*** Opening EXERCISE INPUT ***

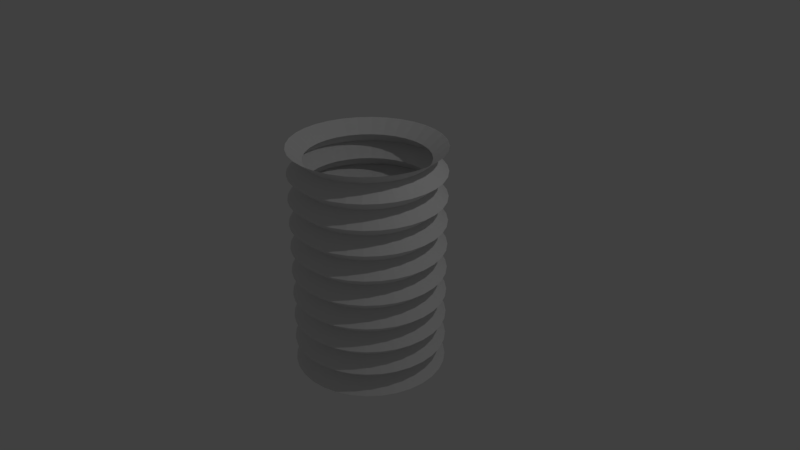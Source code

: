 # Source: 03_bellows.blend  (saved by Blender 2.78.0; exported with 4.5.12 LTS)
import bpy
from mathutils import Matrix  # noqa: F401  (used for matrix-valued properties, if any)

bpy.ops.wm.read_factory_settings(use_empty=True)
scene = bpy.context.scene
scene.name = 'Scene'

# ---- collections
col_collection_1 = bpy.data.collections.new('Collection 1'); scene.collection.children.link(col_collection_1)

# ---- world
world_world = bpy.data.worlds.new('World'); scene.world = world_world
world_world.color = (0.05088, 0.05088, 0.05088)
world_world.use_sun_shadow = False
world_world.sun_shadow_jitter_overblur = 0.0
world_world.cycles.sampling_method = 'MANUAL'

# ---- cameras
cam_camera = bpy.data.cameras.new('Camera')
cam_camera.clip_end = 100.0
cam_camera.lens = 35.0
cam_camera.sensor_width = 32.0
cam_camera.sensor_height = 18.0
cam_camera.ortho_scale = 7.314
cam_camera.dof.focus_distance = 0.0
cam_camera.dof.aperture_fstop = 128.0

# ---- lights
light_lamp = bpy.data.lights.new('Lamp', 'POINT')
light_lamp.transmission_factor = 0.0
light_lamp.cutoff_distance = 30.0
light_lamp.energy = 100.0
light_lamp.shadow_buffer_clip_start = 1.001
light_lamp.shadow_soft_size = 0.1
light_lamp.shadow_maximum_resolution = 0.006
light_lamp.use_absolute_resolution = True

# ---- meshes
me_cylinder = bpy.data.meshes.new('Cylinder')
me_cylinder.from_pydata([(0.0, 1.0, -1.5), (0.0, 1.0, 1.5), (0.1951, 0.9808, -1.5), (0.1951, 0.9808, 1.5), (0.3827, 0.9239, -1.5), (0.3827, 0.9239, 1.5), (0.5556, 0.8315, -1.5), (0.5556, 0.8315, 1.5), (0.7071, 0.7071, -1.5), (0.7071, 0.7071, 1.5), (0.8315, 0.5556, -1.5), (0.8315, 0.5556, 1.5), (0.9239, 0.3827, -1.5), (0.9239, 0.3827, 1.5), (0.9808, 0.1951, -1.5), (0.9808, 0.1951, 1.5), (1.0, 7.55e-08, -1.5), (1.0, 7.55e-08, 1.5), (0.9808, -0.1951, -1.5), (0.9808, -0.1951, 1.5), (0.9239, -0.3827, -1.5), (0.9239, -0.3827, 1.5), (0.8315, -0.5556, -1.5), (0.8315, -0.5556, 1.5), (0.7071, -0.7071, -1.5), (0.7071, -0.7071, 1.5), (0.5556, -0.8315, -1.5), (0.5556, -0.8315, 1.5), (0.3827, -0.9239, -1.5), (0.3827, -0.9239, 1.5), (0.1951, -0.9808, -1.5), (0.1951, -0.9808, 1.5), (-3.258e-07, -1.0, -1.5), (-3.258e-07, -1.0, 1.5), (-0.1951, -0.9808, -1.5), (-0.1951, -0.9808, 1.5), (-0.3827, -0.9239, -1.5), (-0.3827, -0.9239, 1.5), (-0.5556, -0.8315, -1.5), (-0.5556, -0.8315, 1.5), (-0.7071, -0.7071, -1.5), (-0.7071, -0.7071, 1.5), (-0.8315, -0.5556, -1.5), (-0.8315, -0.5556, 1.5), (-0.9239, -0.3827, -1.5), (-0.9239, -0.3827, 1.5), (-0.9808, -0.1951, -1.5), (-0.9808, -0.1951, 1.5), (-1.0, 9.656e-07, -1.5), (-1.0, 9.656e-07, 1.5), (-0.9808, 0.1951, -1.5), (-0.9808, 0.1951, 1.5), (-0.9239, 0.3827, -1.5), (-0.9239, 0.3827, 1.5), (-0.8315, 0.5556, -1.5), (-0.8315, 0.5556, 1.5), (-0.7071, 0.7071, -1.5), (-0.7071, 0.7071, 1.5), (-0.5556, 0.8315, -1.5), (-0.5556, 0.8315, 1.5), (-0.3827, 0.9239, -1.5), (-0.3827, 0.9239, 1.5), (-0.1951, 0.9808, -1.5), (-0.1951, 0.9808, 1.5), (2.738e-08, 0.8, -1.333), (0.0, 1.0, -1.167), (2.738e-08, 0.8, -1.0), (0.0, 1.0, -0.8333), (2.738e-08, 0.8, -0.6667), (0.0, 1.0, -0.5), (2.738e-08, 0.8, -0.3333), (0.0, 1.0, -0.1667), (2.738e-08, 0.8, -2.98e-08), (0.0, 1.0, 0.1667), (2.738e-08, 0.8, 0.3333), (0.0, 1.0, 0.5), (2.738e-08, 0.8, 0.6667), (0.0, 1.0, 0.8333), (2.738e-08, 0.8, 1.0), (0.0, 1.0, 1.167), (2.738e-08, 0.8, 1.333), (0.1561, 0.7846, 1.333), (0.1951, 0.9808, 1.167), (0.1561, 0.7846, 1.0), (0.1951, 0.9808, 0.8333), (0.1561, 0.7846, 0.6667), (0.1951, 0.9808, 0.5), (0.1561, 0.7846, 0.3333), (0.1951, 0.9808, 0.1667), (0.1561, 0.7846, 2.98e-08), (0.1951, 0.9808, -0.1667), (0.1561, 0.7846, -0.3333), (0.1951, 0.9808, -0.5), (0.1561, 0.7846, -0.6667), (0.1951, 0.9808, -0.8333), (0.1561, 0.7846, -1.0), (0.1951, 0.9808, -1.167), (0.1561, 0.7846, -1.333), (0.3061, 0.7391, 1.333), (0.3827, 0.9239, 1.167), (0.3061, 0.7391, 1.0), (0.3827, 0.9239, 0.8333), (0.3061, 0.7391, 0.6667), (0.3827, 0.9239, 0.5), (0.3061, 0.7391, 0.3333), (0.3827, 0.9239, 0.1667), (0.3061, 0.7391, 2.98e-08), (0.3827, 0.9239, -0.1667), (0.3061, 0.7391, -0.3333), (0.3827, 0.9239, -0.5), (0.3061, 0.7391, -0.6667), (0.3827, 0.9239, -0.8333), (0.3061, 0.7391, -1.0), (0.3827, 0.9239, -1.167), (0.3061, 0.7391, -1.333), (0.4445, 0.6652, 1.333), (0.5556, 0.8315, 1.167), (0.4445, 0.6652, 1.0), (0.5556, 0.8315, 0.8333), (0.4445, 0.6652, 0.6667), (0.5556, 0.8315, 0.5), (0.4445, 0.6652, 0.3333), (0.5556, 0.8315, 0.1667), (0.4445, 0.6652, 2.98e-08), (0.5556, 0.8315, -0.1667), (0.4445, 0.6652, -0.3333), (0.5556, 0.8315, -0.5), (0.4445, 0.6652, -0.6667), (0.5556, 0.8315, -0.8333), (0.4445, 0.6652, -1.0), (0.5556, 0.8315, -1.167), (0.4445, 0.6652, -1.333), (0.5657, 0.5657, 1.333), (0.7071, 0.7071, 1.167), (0.5657, 0.5657, 1.0), (0.7071, 0.7071, 0.8333), (0.5657, 0.5657, 0.6667), (0.7071, 0.7071, 0.5), (0.5657, 0.5657, 0.3333), (0.7071, 0.7071, 0.1667), (0.5657, 0.5657, 2.98e-08), (0.7071, 0.7071, -0.1667), (0.5657, 0.5657, -0.3333), (0.7071, 0.7071, -0.5), (0.5657, 0.5657, -0.6667), (0.7071, 0.7071, -0.8333), (0.5657, 0.5657, -1.0), (0.7071, 0.7071, -1.167), (0.5657, 0.5657, -1.333), (0.6652, 0.4445, 1.333), (0.8315, 0.5556, 1.167), (0.6652, 0.4445, 1.0), (0.8315, 0.5556, 0.8333), (0.6652, 0.4445, 0.6667), (0.8315, 0.5556, 0.5), (0.6652, 0.4445, 0.3333), (0.8315, 0.5556, 0.1667), (0.6652, 0.4445, 2.98e-08), (0.8315, 0.5556, -0.1667), (0.6652, 0.4445, -0.3333), (0.8315, 0.5556, -0.5), (0.6652, 0.4445, -0.6667), (0.8315, 0.5556, -0.8333), (0.6652, 0.4445, -1.0), (0.8315, 0.5556, -1.167), (0.6652, 0.4445, -1.333), (0.7391, 0.3061, 1.333), (0.9239, 0.3827, 1.167), (0.7391, 0.3061, 1.0), (0.9239, 0.3827, 0.8333), (0.7391, 0.3061, 0.6667), (0.9239, 0.3827, 0.5), (0.7391, 0.3061, 0.3333), (0.9239, 0.3827, 0.1667), (0.7391, 0.3061, 2.98e-08), (0.9239, 0.3827, -0.1667), (0.7391, 0.3061, -0.3333), (0.9239, 0.3827, -0.5), (0.7391, 0.3061, -0.6667), (0.9239, 0.3827, -0.8333), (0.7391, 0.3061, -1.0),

*** Closing EXERCISE INPUT ***

→ **WORK INSTRUCTIONS**
Within the data above, the lines from the one with "cam_camera.ortho_scale = 7.314" to the one with "light_lamp.energy = 100.0" must be repeated exactly; no other line belongs in the answer.

→ **TASK RESPONSE**
cam_camera.ortho_scale = 7.314
cam_camera.dof.focus_distance = 0.0
cam_camera.dof.aperture_fstop = 128.0

# ---- lights
light_lamp = bpy.data.lights.new('Lamp', 'POINT')
light_lamp.transmission_factor = 0.0
light_lamp.cutoff_distance = 30.0
light_lamp.energy = 100.0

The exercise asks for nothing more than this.